Du wirst mich bestimmt nicht belästigen, aber das weißt Du bereits. Wenn ich – insbesondere zu mir – ganz ehrlich bin, dann fühle ich mich … irgendwie, irgendetwas zwischen geschmeichelt und (ja!) geehrt; und gleichzeitig erkenne ich (was beileibe nicht einfach ist für mich, dieses Erkennen), daß ich wohl so einiges nicht falsch, sondern sogar richtig gemacht haben muß (Du darfst da gern auch anders darüber denken), denn ich bekomme Dein Vertrauen geschenkt. Ja, ich bin zur Zeit unbeweibt, Single, ohne … und ich glaube: auch ohne Aussicht darauf – es kann also sein, daß ich durch Dinge, die Du mir mitteilst, auch erregt werde. Doch es ist eben keine Belästigung, sondern eher das ganze Gegenteil. (Oh, wie kann ich manches so wundervoll verklausulieren: Ich will Einzelheiten, wollte ich schreiben, auch die unanständigen, wollte ich gestehen, als kleines Tüpfelchen auf dem I und als Futter für meine Phantasie, wollte ich betteln.)

Ich muß nur darauf achten, daß ich nicht in meine eigene Falle tappe, nämlich schnell in den Modus “Ratschläge austeilen” zu wechseln.

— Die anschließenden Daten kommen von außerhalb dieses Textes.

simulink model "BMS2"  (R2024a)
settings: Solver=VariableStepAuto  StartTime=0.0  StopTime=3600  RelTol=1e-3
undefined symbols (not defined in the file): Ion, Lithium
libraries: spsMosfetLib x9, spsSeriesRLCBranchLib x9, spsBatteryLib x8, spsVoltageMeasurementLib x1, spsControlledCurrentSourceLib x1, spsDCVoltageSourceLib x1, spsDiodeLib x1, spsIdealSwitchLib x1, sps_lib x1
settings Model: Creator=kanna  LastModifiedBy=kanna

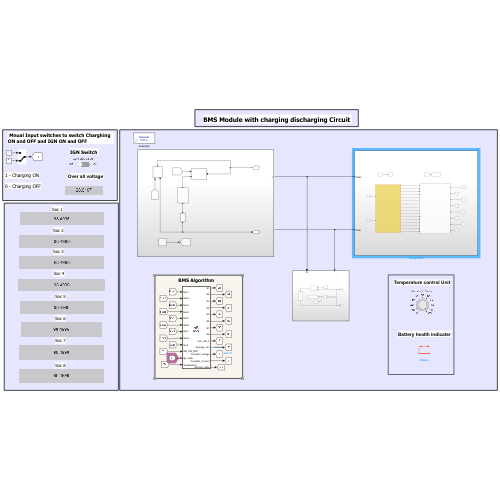
[thumbnail: Simulink's stored preview of the top-level diagram]
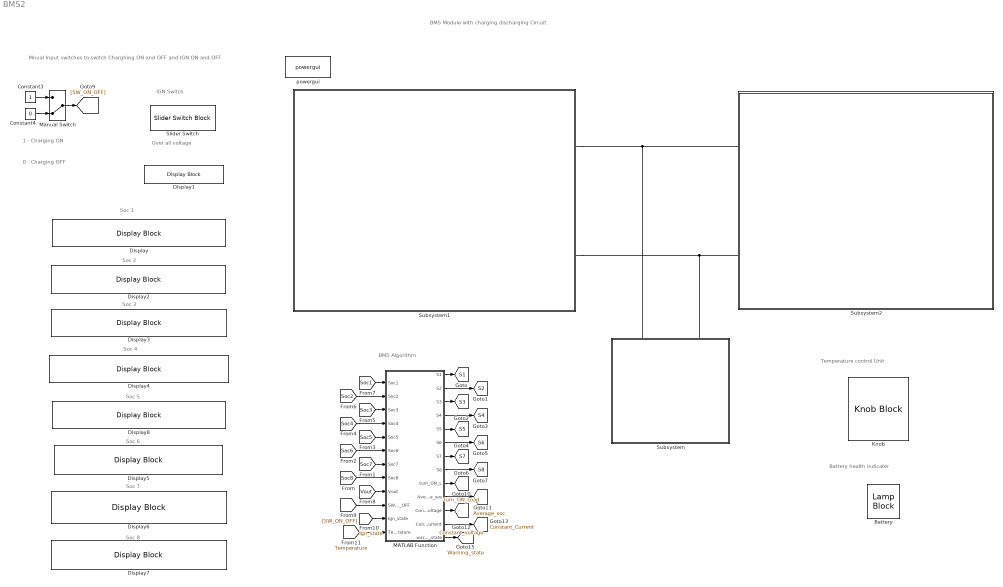
== system BMS2 ==
  note: Over all voltage
  note: Battery health indicater
  note: Temperature control Unit
  note: IGN Switch
  note: Soc 1
  note: 0 - Charging OFF
  note: 1 - Charging ON
  note: Mnual Input switches to switch Charghing ON and OFF and IGN ON and OFF
  note: BMS Algorithm
  note: BMS Module with charging discharging Circuit
  note: Soc 2
  note: Soc 3
  note: Soc 4
  note: Soc 5
  note: Soc 6
  note: Soc 7
  note: Soc 8
  Battery : LampBlock  LabelPosition=Hide  Icon=Battery
  Constant3 : Constant
  Constant4 : Constant  Value=0
  Display{,1..8} (9 alike) : DisplayBlock  LabelPosition=Hide  Transparency=1
  Knob : KnobBlock
  MATLAB Function : MATLAB Function  TreatAsAtomicUnit=on
  Manual Switch : ManualSwitch  CurrentSetting=0
  Slider Switch : SliderSwitchBlock
      settings: Values={{'Off', 'On'}, [0 1]}
  Subsystem : Subsystem
  Subsystem1 : Subsystem
  Subsystem2 : Subsystem
  powergui : sps_lib/powergui  Priority=1  SimulationMode=Discrete  SampleTime=10000e-6  frequency=60  Iterations=50  frequencyindice=0  Pbase=100e6  ErrMax=1e-4  UnitsV=kV  UnitsW=MW  buscounter=0  FunctionMessages=off  echomessages=off  EnableUseOfTLC=off  CurrentSourceSwitches=off  DisableSnubberDevices=off  DisableRonSwitches=off  DisableVfSwitches=off  DisplayEquations=off  AutomaticDiscreteSolvers=off  SolverType=Tustin/Backward Euler (TBE)  Interpol=off  ExternalGateDelay=off  methode=off  Ts=100  x0status=blocks  SPID=on  SwTol=0  HookPort=off  NonlinearTolerance=1e-4  nMaxIteration=100  ContinueOnMaxIteration=off  RestoreLinks=warning  ResistiveCurrentMeasurement=off  Frange=[0:2:500]  Ylog=off  Xlog=on  ShowGrid=off  save=off  variable=ZData  structure=0  ZoomFFT=off  StartTime=0.0  cycles=1  DisplayStyle=1  fundamental=60  FreqAxis=off  MaxFrequency=1000  frequencyindicesteady=1  RmsSteady=1  display=off
  tag scope: Average_soc=global, Constant_Current=global, Constant_voltage=global, S1=global, S2=global, S3=global, S4=global, S5=global, S6=global, S7=global, S8=global, Warning_state=global, turn_ON_Load=global
  wires:
  [Soc1] -> MATLAB Function/1(Soc1)
  [Soc2] -> MATLAB Function/2(Soc2)
  [Soc3] -> MATLAB Function/3(Soc3)
  [Soc4] -> MATLAB Function/4(Soc4)
  [Soc5] -> MATLAB Function/5(Soc5)
  [Soc6] -> MATLAB Function/6(Soc6)
  [Soc7] -> MATLAB Function/7(Soc7)
  [Soc8] -> MATLAB Function/8(Soc8)
  MATLAB Function/1(S1) -> [S1]
  MATLAB Function/5(S5) -> [S5]
  MATLAB Function/2(S2) -> [S2]
  MATLAB Function/3(S3) -> [S3]
  MATLAB Function/4(S4) -> [S4]
  MATLAB Function/6(S6) -> [S6]
  MATLAB Function/7(S7) -> [S7]
  MATLAB Function/8(S8) -> [S8]
  [Vout] -> MATLAB Function/9(Vout)
  Constant3/1 -> Manual Switch/1
  Constant4/1 -> Manual Switch/2
  Manual Switch/1 -> [SW_ON_OFF]
  [SW_ON_OFF] -> MATLAB Function/10(SW_ON_OFF)
  MATLAB Function/9(turn_ON_L) -> [turn_ON_Load]
  MATLAB Function/10(Average_soc) -> [Average_soc]
  MATLAB Function/11(Constant_voltage) -> [Constant_voltage]
  MATLAB Function/12(Constant_Current) -> [Constant_Current]
  [Ign_state] -> MATLAB Function/11(Ign_state)
  [Temperature] -> MATLAB Function/12(Temperature)
  MATLAB Function/13(warning_state) -> [Warning_state]
  connections:
  Subsystem1/RConn1 -- Subsystem2/LConn1 -- Subsystem/LConn1
  Subsystem1/RConn2 -- Subsystem2/LConn2 -- Subsystem/LConn2

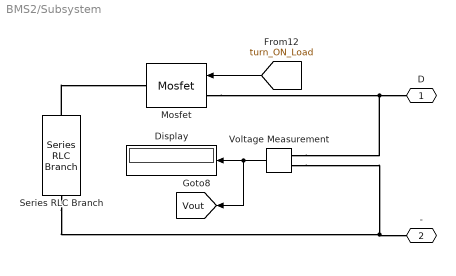
== system BMS2/Subsystem ==
  Display : Display
  Mosfet : spsMosfetLib/Mosfet  Ron=0.1  Lon=0  Rd=0.01  Vfd=0  IC=0  Rs=1e5  Cs=inf  Measurements=off
  Series RLC Branch : spsSeriesRLCBranchLib/Series RLC Branch  LConnTagsString=__new0  RConnTagsString=__new0  BranchType=R  Resistance=50  Inductance=1e-3  SetiL0=off  InitialCurrent=0  Capacitance=1e-6  Setx0=off  InitialVoltage=0  Measurements=None
  Voltage Measurement : spsVoltageMeasurementLib/Voltage Measurement  PhasorSimulation=off  OutputType=Complex  PSBequivalent=0
  D : PMIOPort  Side=Left
  - : PMIOPort  Port=2  Side=Left
  tag scope: Vout=global
  wires:
  [turn_ON_Load] -> Mosfet/1
  Voltage Measurement/1 -> [Vout], Display/1
  connections:
  Series RLC Branch/LConn1 -- Mosfet/RConn1
  Voltage Measurement/LConn1 -- Mosfet/LConn1 -- D/RConn1
  Series RLC Branch/RConn1 -- Voltage Measurement/LConn2 -- -/RConn1

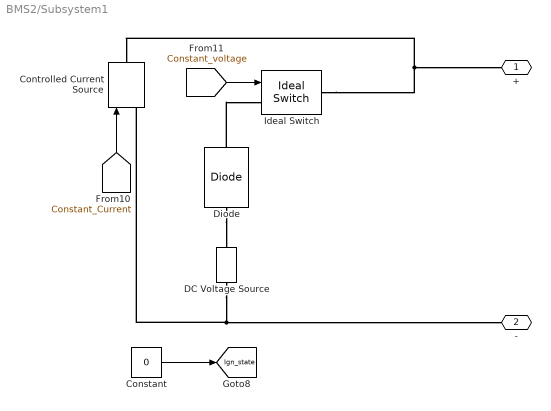
== system BMS2/Subsystem1 ==
  Constant : Constant  Value=0
  Controlled Current Source : spsControlledCurrentSourceLib/Controlled Current Source  Initialize=on  Source_Type=DC  Amplitude=2  Phase=0  Frequency=0  Measurements=None
  DC Voltage Source : spsDCVoltageSourceLib/DC Voltage Source  Amplitude=35  Measurements=None
  Diode : spsDiodeLib/Diode  Ron=0.001  Lon=0  Vf=0.8  IC=0  UseSnubber=0  Rs=500  Cs=250e-9  Measurements=off
  Ideal Switch : spsIdealSwitchLib/Ideal Switch  Ron=0.001  Lon=0  IC=0  Rs=1e5  Cs=inf  Measurements=off
  + : PMIOPort  Side=Right
  - : PMIOPort  Port=2  Side=Right
  tag scope: Ign_state=global
  wires:
  [Constant_voltage] -> Ideal Switch/1
  [Constant_Current] -> Controlled Current Source/1
  Constant/1 -> [Ign_state]
  connections:
  Ideal Switch/RConn1 -- +/RConn1 -- Controlled Current Source/RConn1
  Diode/RConn1 -- Ideal Switch/LConn1
  Diode/LConn1 -- DC Voltage Source/RConn1
  DC Voltage Source/LConn1 -- -/RConn1 -- Controlled Current Source/LConn1

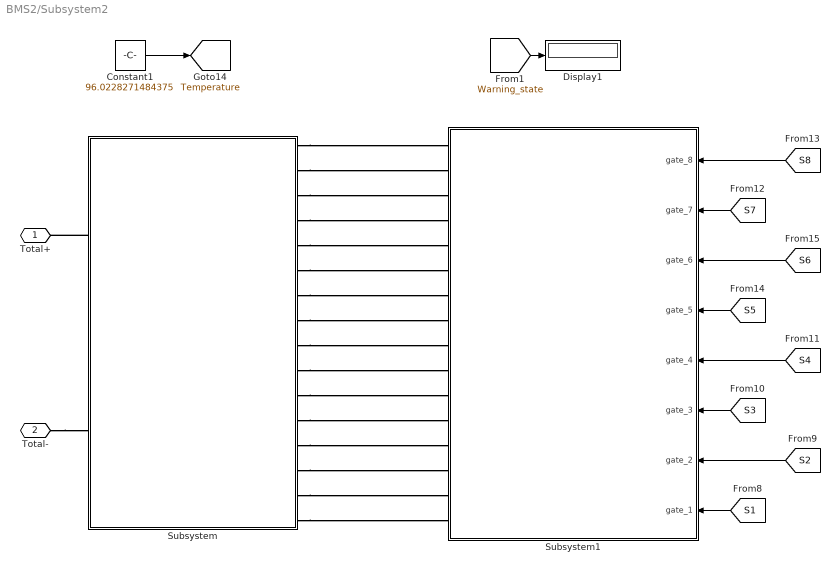
== system BMS2/Subsystem2 ==
  Constant1 : Constant  Value=96.0228271484375
  Display1 : Display
  Subsystem : Subsystem
  Subsystem1 : Subsystem
      settings: PortSchema="{\"entries\":[{\"content\":{\"sides\":[{\"content\":{\"connectorIds\":[\"LConn1\",\"LConn2\",\"LConn3\",\"LConn4\",\"LConn5\",\"LConn6\",\"LConn7\",\"LConn8\",\"LConn9\",\"LConn10\",\"LConn11\",\"LConn12\",\"LConn13\",\"LConn14\",\"LConn15\",\"LConn16\"]},\"type\":\"ConnectorPlacement.EquallySpacedRectSide\",\"uuid\":\"299ba52d-8015-465c-9de8-ad4a2af20b1b\"},{\"content\":{\"connectorIds\":[\"In1\",\"In2\",\"In3\",\"In4\",\"In5\",\"In6\",\"In7\",\"In8\"],\"side\":\"RIGHT\"},\"type\":\"ConnectorPlacement.EquallySpacedRectSide\",\"uuid\":\"0c259d42-c7d5-4490-aca3-04d7e6d01d9f\"},{\"content\":{\"side\":\"TOP\"},\"type\":\"ConnectorPlacement.EquallySpacedRectSide\",\"uuid\":\"1f9aba9e-79c3-4f87-9285-0c028554fb61\"}]},\"type\":\"ConnectorPlacement.EquallySpacedConnector\",\"uuid\":\"3efdec2a-ca98-432c-aa70-a3544e884ae7\"}],\"packageUris\":[\"http://schema.mathworks.com/mf0/Connector/R2020b\"],\"version\":\"1.0\"}"
  Total+ : PMIOPort  Side=Left
  Total- : PMIOPort  Port=2  Side=Left
  tag scope: Temperature=global
  wires:
  [S1] -> Subsystem1/8(gate_1)
  [S4] -> Subsystem1/5(gate_4)
  [S8] -> Subsystem1/1(gate_8)
  [S3] -> Subsystem1/6(gate_3)
  [S7] -> Subsystem1/2(gate_7)
  [S6] -> Subsystem1/3(gate_6)
  [S5] -> Subsystem1/4(gate_5)
  [S2] -> Subsystem1/7(gate_2)
  [Warning_state] -> Display1/1
  Constant1/1 -> [Temperature]
  connections:
  Subsystem/RConn11 -- Subsystem1/LConn11
  Subsystem/RConn2 -- Subsystem1/LConn2
  Subsystem/RConn8 -- Subsystem1/LConn8
  Subsystem/RConn9 -- Subsystem1/LConn9
  Subsystem/RConn5 -- Subsystem1/LConn5
  Total-/RConn1 -- Subsystem/LConn2
  Subsystem/LConn1 -- Total+/RConn1
  Subsystem/RConn3 -- Subsystem1/LConn3
  Subsystem/RConn7 -- Subsystem1/LConn7
  Subsystem/RConn4 -- Subsystem1/LConn4
  Subsystem/RConn1 -- Subsystem1/LConn1
  Subsystem/RConn16 -- Subsystem1/LConn16
  Subsystem/RConn6 -- Subsystem1/LConn6
  Subsystem/RConn12 -- Subsystem1/LConn12
  Subsystem/RConn14 -- Subsystem1/LConn14
  Subsystem/RConn10 -- Subsystem1/LConn10
  Subsystem/RConn13 -- Subsystem1/LConn13
  Subsystem/RConn15 -- Subsystem1/LConn15

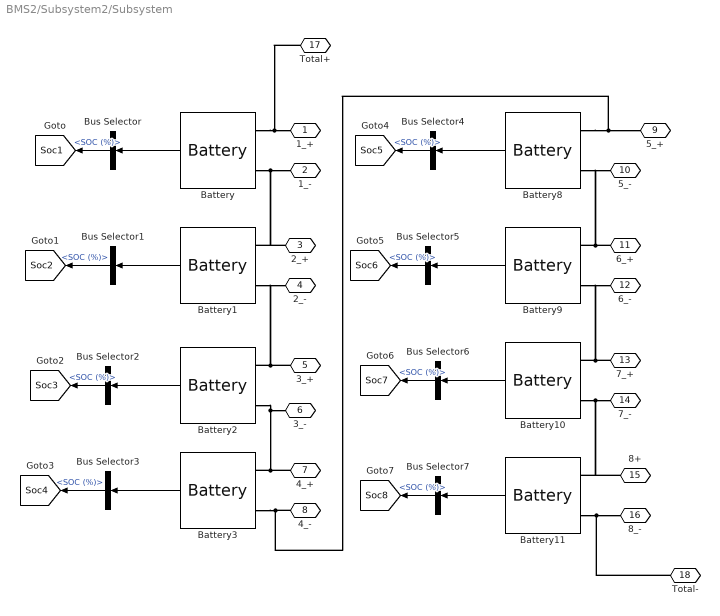
== system BMS2/Subsystem2/Subsystem ==
  Battery : spsBatteryLib/Battery  BatType=Lithium-Ion  ShowTempParam=off  ThermalPreset=no  ShowAgeParam=off  NomV=3.2  NomQ=18  SOC=98.5  Batt_Tr=30  PresetModel=on  MaxQ=18  MinV=2.4  FullV=3.7248  Dis_rate=7.8261  R=0.0017778  Normal_OP=16.2783  expZone="[3.4572     0.88435]"  current=[6.5 13 32.5]  Units=Time  Tci=20  NomT=20  T2=-30  MaxQ2=4.8  FullV2=7.1  Normal_OP2=5.655  expZone2="[6.58           1]"  Rca=0.6  ti=2000  Dp=0  Neq0=0  Tsim=1e6  Ta1=25  Qeol=5.4*0.9  Reol=0.013333*1.2  Char_age=[2.3478, 3]  Dis_age=[2.3478, 10]  N1=1500  N2=10500  N3=1000  N4=1400  Ta2=45  N5=950
  Battery1 : spsBatteryLib/Battery  BatType=Lithium-Ion  ShowTempParam=off  ThermalPreset=no  ShowAgeParam=off  NomV=3.2  NomQ=18  SOC=99  Batt_Tr=30  PresetModel=on  MaxQ=18  MinV=2.4  FullV=3.7248  Dis_rate=7.8261  R=0.0017778  Normal_OP=16.2783  expZone="[3.4572     0.88435]"  current=[6.5 13 32.5]  Units=Time  Tci=20  NomT=20  T2=-30  MaxQ2=4.8  FullV2=7.1  Normal_OP2=5.655  expZone2="[6.58           1]"  Rca=0.6  ti=2000  Dp=0  Neq0=0  Tsim=1e6  Ta1=25  Qeol=5.4*0.9  Reol=0.013333*1.2  Char_age=[2.3478, 3]  Dis_age=[2.3478, 10]  N1=1500  N2=10500  N3=1000  N4=1400  Ta2=45  N5=950
  Battery{2..3,8..11} (6 alike) : spsBatteryLib/Battery  BatType=Lithium-Ion  ShowTempParam=off  ThermalPreset=no  ShowAgeParam=off  NomV=3.2  NomQ=18  SOC=100  Batt_Tr=30  PresetModel=on  MaxQ=18  MinV=2.4  FullV=3.7248  Dis_rate=7.8261  R=0.0017778  Normal_OP=16.2783  expZone="[3.4572     0.88435]"  current=[6.5 13 32.5]  Units=Time  Tci=20  NomT=20  T2=-30  MaxQ2=4.8  FullV2=7.1  Normal_OP2=5.655  expZone2="[6.58           1]"  Rca=0.6  ti=2000  Dp=0  Neq0=0  Tsim=1e6  Ta1=25  Qeol=5.4*0.9  Reol=0.013333*1.2  Char_age=[2.3478, 3]  Dis_age=[2.3478, 10]  N1=1500  N2=10500  N3=1000  N4=1400  Ta2=45  N5=950
  Bus Selector{,1..7} (8 alike) : BusSelector  OutputSignals=SOC (%)
  1_+ : PMIOPort  Side=Right
  1_- : PMIOPort  Port=2  Side=Right
  2_+ : PMIOPort  Port=3  Side=Right
  2_- : PMIOPort  Port=4  Side=Right
  3_+ : PMIOPort  Port=5  Side=Right
  3_- : PMIOPort  Port=6  Side=Right
  4_+ : PMIOPort  Port=7  Side=Right
  4_- : PMIOPort  Port=8  Side=Right
  5_+ : PMIOPort  Port=9  Side=Right
  5_- : PMIOPort  Port=10  Side=Right
  6_+ : PMIOPort  Port=11  Side=Right
  6_- : PMIOPort  Port=12  Side=Right
  7_+ : PMIOPort  Port=13  Side=Right
  7_- : PMIOPort  Port=14  Side=Right
  8+ : PMIOPort  Port=15  Side=Right
  8_- : PMIOPort  Port=16  Side=Right
  Total+ : PMIOPort  Port=17  Side=Left
  Total- : PMIOPort  Port=18  Side=Left
  tag scope: Soc1=global, Soc2=global, Soc3=global, Soc4=global, Soc5=global, Soc6=global, Soc7=global, Soc8=global
  wires:
  Battery1/1 -> Bus Selector1/1
  Bus Selector/1 -> [Soc1]  "<SOC (%)>"
  Battery/1 -> Bus Selector/1
  Bus Selector7/1 -> [Soc8]  "<SOC (%)>"
  Bus Selector5/1 -> [Soc6]  "<SOC (%)>"
  Battery2/1 -> Bus Selector2/1
  Battery11/1 -> Bus Selector7/1
  Bus Selector4/1 -> [Soc5]  "<SOC (%)>"
  Bus Selector6/1 -> [Soc7]  "<SOC (%)>"
  Battery3/1 -> Bus Selector3/1
  Bus Selector3/1 -> [Soc4]  "<SOC (%)>"
  Bus Selector2/1 -> [Soc3]  "<SOC (%)>"
  Bus Selector1/1 -> [Soc2]  "<SOC (%)>"
  Battery8/1 -> Bus Selector4/1
  Battery10/1 -> Bus Selector6/1
  Battery9/1 -> Bus Selector5/1
  connections:
  Battery11/LConn2 -- 8_-/RConn1 -- Total-/RConn1
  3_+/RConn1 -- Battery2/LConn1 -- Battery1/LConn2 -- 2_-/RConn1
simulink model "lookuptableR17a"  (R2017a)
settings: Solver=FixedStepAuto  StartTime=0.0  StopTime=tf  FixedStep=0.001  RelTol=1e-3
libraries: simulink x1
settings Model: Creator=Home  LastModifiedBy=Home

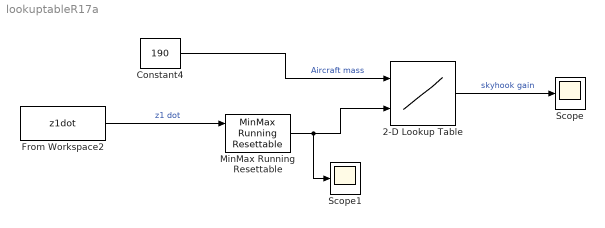
== system lookuptableR17a ==
  2-D Lookup Table : Lookup_n-D  BreakpointsForDimension1=[0,150,190,230]  BreakpointsForDimension2=[0,1,2,3,4]  Table=reshape([0,0,300,700,0,0,300,700,0,0,0,300,0,0,0,100,0,0,0,100],4,5)  InternalRulePriority=Speed  RndMeth=Simplest  InputSameDT=on
  Constant4 : Constant  Value=190
  From Workspace2 : FromWorkspace  VariableName=z1dot  SampleTime=0
  MinMax Running Resettable : simulink/Math Operations/MinMax Running Resettable  Function=max  vinit=0.0
  Scope : Scope
  Scope1 : Scope
  wires:
  From Workspace2/1 -> MinMax Running Resettable/1  "z1 dot"
  MinMax Running Resettable/1 -> Scope1/1, 2-D Lookup Table/2
  Constant4/1 -> 2-D Lookup Table/1  "Aircraft mass"
  2-D Lookup Table/1 -> Scope/1  "skyhook gain"

Falls das geschehen sollte: Wehre Dich bitte dagegen. Bis auf diese Macke hoffe ich, Dir ein guter Leser und Zuhörer zu sein, vielleicht auch ein Ideenanschubser, heute und in Zukunft … Also schreib und sag mir, was Dich bedrängt, bedrückt, beschäftigt, freut. Ich werde lesen und zuhören, ohne mich lustig zu machen, ohne zu verurteilen, ohne abzuwerten. Nicht zu widersprechen kann ich allerdings nicht versprechen – damit aber, so hoffe ich, kannst Du gut umgehen. Ich will auch versuchen, auf mein “bei mir war’s schlimmer” zu verzichten und auf alle “Du mußt” und “Du sollst/solltest”. Und falls es doch einmal geschieht und ich Dich müssen oder sollen heiße, sei mir deswegen bitte nicht böse. Denn ich bin auch nur ein Mensch mit (An-)Gewohnheiten und Fehlern.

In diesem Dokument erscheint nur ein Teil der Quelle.